= What you will do =
Write out, word for word, the part of the listing below that opens with the line containing "import ezdxf" and closes with the line containing "for name, color, linetype", keeping both of those lines and adding no others.

= Listed records =
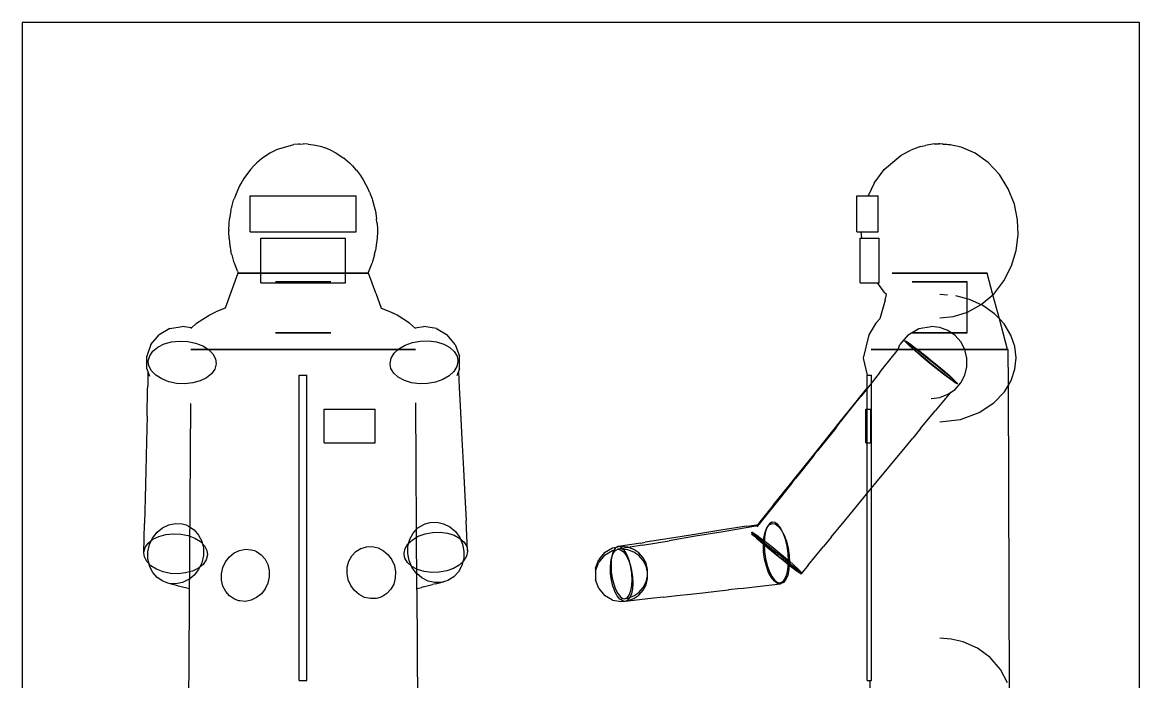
# Model space of a CAD drawing. Header units: millimetres. Extents: x 213 to 504, y -187 to 285.
# Drawn here: x 212.7 to 476.1, y 129.7 to 285.2 of the extents above; entities that cross this region are included whole.
import ezdxf

# ---------------------------------------------------------------- set-up
doc = ezdxf.new("R2010")
doc.units = ezdxf.units.MM
for name, color, linetype in [('BORDER', 7, 'Continuous'), ('HIDDEN', 8, 'Continuous'), ('VISIBLE', 7, 'Continuous')]:
    doc.layers.add(name, color=color, linetype=linetype)

msp = doc.modelspace()

# ---------------------------------------------------------------- linework, layer by layer
at = {"layer": 'BORDER'}
msp.add_lwpolyline([(212.74, -187.43), (476.14, -187.43), (476.14, 285.16), (212.74, 285.16)], close=True, dxfattribs=at)
at = {"layer": 'HIDDEN'}
for points in [[(431.48, 256.31), (429, 256.5)], [(266.43, 244.25), (291.43, 244.25)], [(266.43, 244.25), (291.43, 244.25)], [(266.43, 235.75), (266.43, 244.25)], [(266.43, 235.75), (266.43, 244.25)], [(291.43, 235.75), (291.43, 244.25)], [(291.43, 235.75), (291.43, 244.25)], [(409.5, 235.75), (409.5, 244.25)], [(409.5, 244.25), (414.5, 244.25)], [(414.5, 235.75), (414.5, 244.25)], [(266.43, 235.75), (291.43, 235.75)], [(266.43, 235.75), (291.43, 235.75)], [(409.5, 235.75), (414.5, 235.75)], [(268.93, 234.25), (288.93, 234.25)], [(268.93, 234.25), (288.93, 234.25)], [(268.93, 223.75), (268.93, 234.25)], [(268.93, 223.75), (268.93, 234.25)], [(288.93, 223.75), (288.93, 234.25)], [(288.93, 223.75), (288.93, 234.25)], [(410.25, 223.75), (410.25, 234.25)], [(410.25, 234.25), (414.75, 234.25)], [(414.18, 234.25), (414.75, 234.25)], [(414.75, 223.75), (414.75, 234.25)], [(414.75, 231.97), (414.75, 234.25)], [(414.75, 230.8), (414.75, 231.22)], [(263.55, 226), (263.53, 226)], [(263.95, 226), (263.55, 226)], [(264.85, 226), (263.95, 226)], [(264.13, 226), (264.94, 226)], [(266.27, 226), (264.85, 226)], [(264.94, 226), (266.15, 226)], [(266.15, 226), (267.69, 226)], [(268.3, 226), (266.27, 226)], [(267.69, 226), (269.48, 226)], [(270.99, 226), (268.3, 226)], [(269.48, 226), (272.11, 226)], [(274.28, 226), (270.99, 226)], [(272.11, 226), (275.2, 226)], [(272.43, 224), (272.48, 224)], [(272.48, 224), (272.43, 224)], [(272.48, 224), (272.85, 224)], [(272.85, 224), (272.48, 224)], [(272.85, 224), (273.58, 224)], [(273.58, 224), (272.85, 224)], [(273.58, 224), (274.62, 224)], [(274.62, 224), (273.58, 224)], [(277.96, 226), (274.28, 226)], [(274.62, 224), (275.91, 224)], [(275.91, 224), (274.62, 224)], [(275.2, 226), (277.11, 226)], [(275.91, 224), (277.38, 224)], [(277.38, 224), (275.91, 224)], [(277.11, 226), (278.93, 226)], [(277.38, 224), (278.93, 224)], [(278.93, 224), (277.38, 224)], [(281.72, 226), (277.96, 226)], [(278.93, 226), (282.69, 226)], [(280.49, 224), (278.93, 224)], [(278.93, 224), (280.49, 224)], [(281.95, 224), (280.49, 224)], [(280.49, 224), (281.95, 224)], [(285.24, 226), (281.72, 226)], [(283.24, 224), (281.95, 224)], [(281.95, 224), (283.24, 224)], [(282.69, 226), (286.61, 226)], [(284.28, 224), (283.24, 224)], [(283.24, 224), (284.28, 224)], [(285.01, 224), (284.28, 224)], [(284.28, 224), (285.01, 224)], [(285.38, 224), (285.01, 224)], [(285.01, 224), (285.38, 224)], [(288.26, 226), (285.24, 226)], [(285.43, 224), (285.38, 224)], [(285.38, 224), (285.43, 224)], [(286.61, 226), (289.86, 226)], [(290.63, 226), (288.26, 226)], [(289.86, 226), (291.99, 226)], [(292.18, 226), (290.63, 226)], [(291.99, 226), (293.36, 226)], [(293.06, 226), (292.18, 226)], [(293.76, 226), (293.06, 226)], [(293.36, 226), (293.95, 226)], [(294.2, 226), (293.76, 226)], [(294.33, 226), (294.2, 226)], [(417.8, 226), (417.82, 226)], [(417.99, 226), (417.8, 226)], [(417.82, 226), (418.32, 226)], [(418.78, 226), (417.99, 226)], [(418.32, 226), (419.4, 226)], [(420.09, 226), (418.78, 226)], [(419.4, 226), (420.9, 226)], [(421.72, 226), (420.09, 226)], [(420.9, 226), (422.62, 226)], [(423.29, 226), (421.72, 226)], [(422.5, 224), (422.69, 224)], [(422.69, 224), (422.5, 224)], [(422.62, 226), (424.47, 226)], [(422.69, 224), (423.24, 224)], [(423.24, 224), (422.69, 224)], [(423.24, 224), (424.13, 224)], [(424.13, 224), (423.24, 224)], [(424.55, 226), (423.29, 226)], [(424.13, 224), (425.31, 224)], [(425.31, 224), (424.13, 224)], [(424.47, 226), (425.81, 226)], [(425.98, 226), (424.55, 226)], [(425.31, 224), (426.7, 224)], [(426.7, 224), (425.31, 224)], [(427.55, 226), (425.98, 226)], [(426.7, 224), (428.22, 224)], [(428.22, 224), (426.7, 224)], [(429.23, 226), (427.55, 226)], [(428.22, 224), (429.78, 224)], [(429.78, 224), (428.22, 224)], [(430.97, 226), (429.23, 226)], [(429.78, 224), (431.3, 224)], [(431.3, 224), (429.78, 224)], [(432.91, 226), (430.97, 226)], [(431.3, 224), (432.69, 224)], [(432.69, 224), (431.3, 224)], [(432.15, 226), (433.67, 226)], [(432.69, 224), (433.87, 224)], [(433.87, 224), (432.69, 224)], [(434.93, 226), (432.91, 226)], [(433.67, 226), (435.25, 226)], [(433.87, 224), (434.76, 224)], [(434.76, 224), (433.87, 224)], [(434.76, 224), (435.31, 224)], [(435.31, 224), (434.76, 224)], [(436.89, 226), (434.93, 226)], [(435.25, 226), (436.65, 226)], [(435.31, 224), (435.5, 224)], [(435.5, 224), (435.31, 224)], [(435.5, 212), (435.5, 224)], [(436.65, 226), (437.84, 226)], [(438.71, 226), (436.89, 226)], [(437.84, 226), (439.04, 226)], [(439.86, 226), (438.71, 226)], [(439.04, 226), (439.87, 226)], [(440.2, 226), (439.86, 226)], [(439.87, 226), (440.12, 226)], [(440.12, 226), (440.2, 226)], [(441.54, 220.96), (440.2, 226)], [(268.93, 223.75), (288.93, 223.75)], [(268.93, 223.75), (288.93, 223.75)], [(410.25, 223.75), (414.75, 223.75)], [(430.87, 220.87), (429, 221)], [(436.05, 219.8), (432.79, 220.66)], [(435.59, 216.84), (438.81, 218.62)], [(439.16, 218.38), (436.05, 219.8)], [(438.81, 218.62), (441.54, 220.96)], [(432.26, 215.82), (435.59, 216.84)], [(441.93, 216.44), (439.16, 218.38)], [(443.07, 215.23), (441.93, 216.44)], [(429.03, 213.25), (427, 213.5)], [(429, 215.5), (432.26, 215.82)], [(445, 208), (443.07, 215.23)], [(272.43, 212), (272.48, 212)], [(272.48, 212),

= Solution for this exercise =
import ezdxf

# ---------------------------------------------------------------- set-up
doc = ezdxf.new("R2010")
doc.units = ezdxf.units.MM
for name, color, linetype in [('BORDER', 7, 'Continuous'), ('HIDDEN', 8, 'Continuous'), ('VISIBLE', 7, 'Continuous')]:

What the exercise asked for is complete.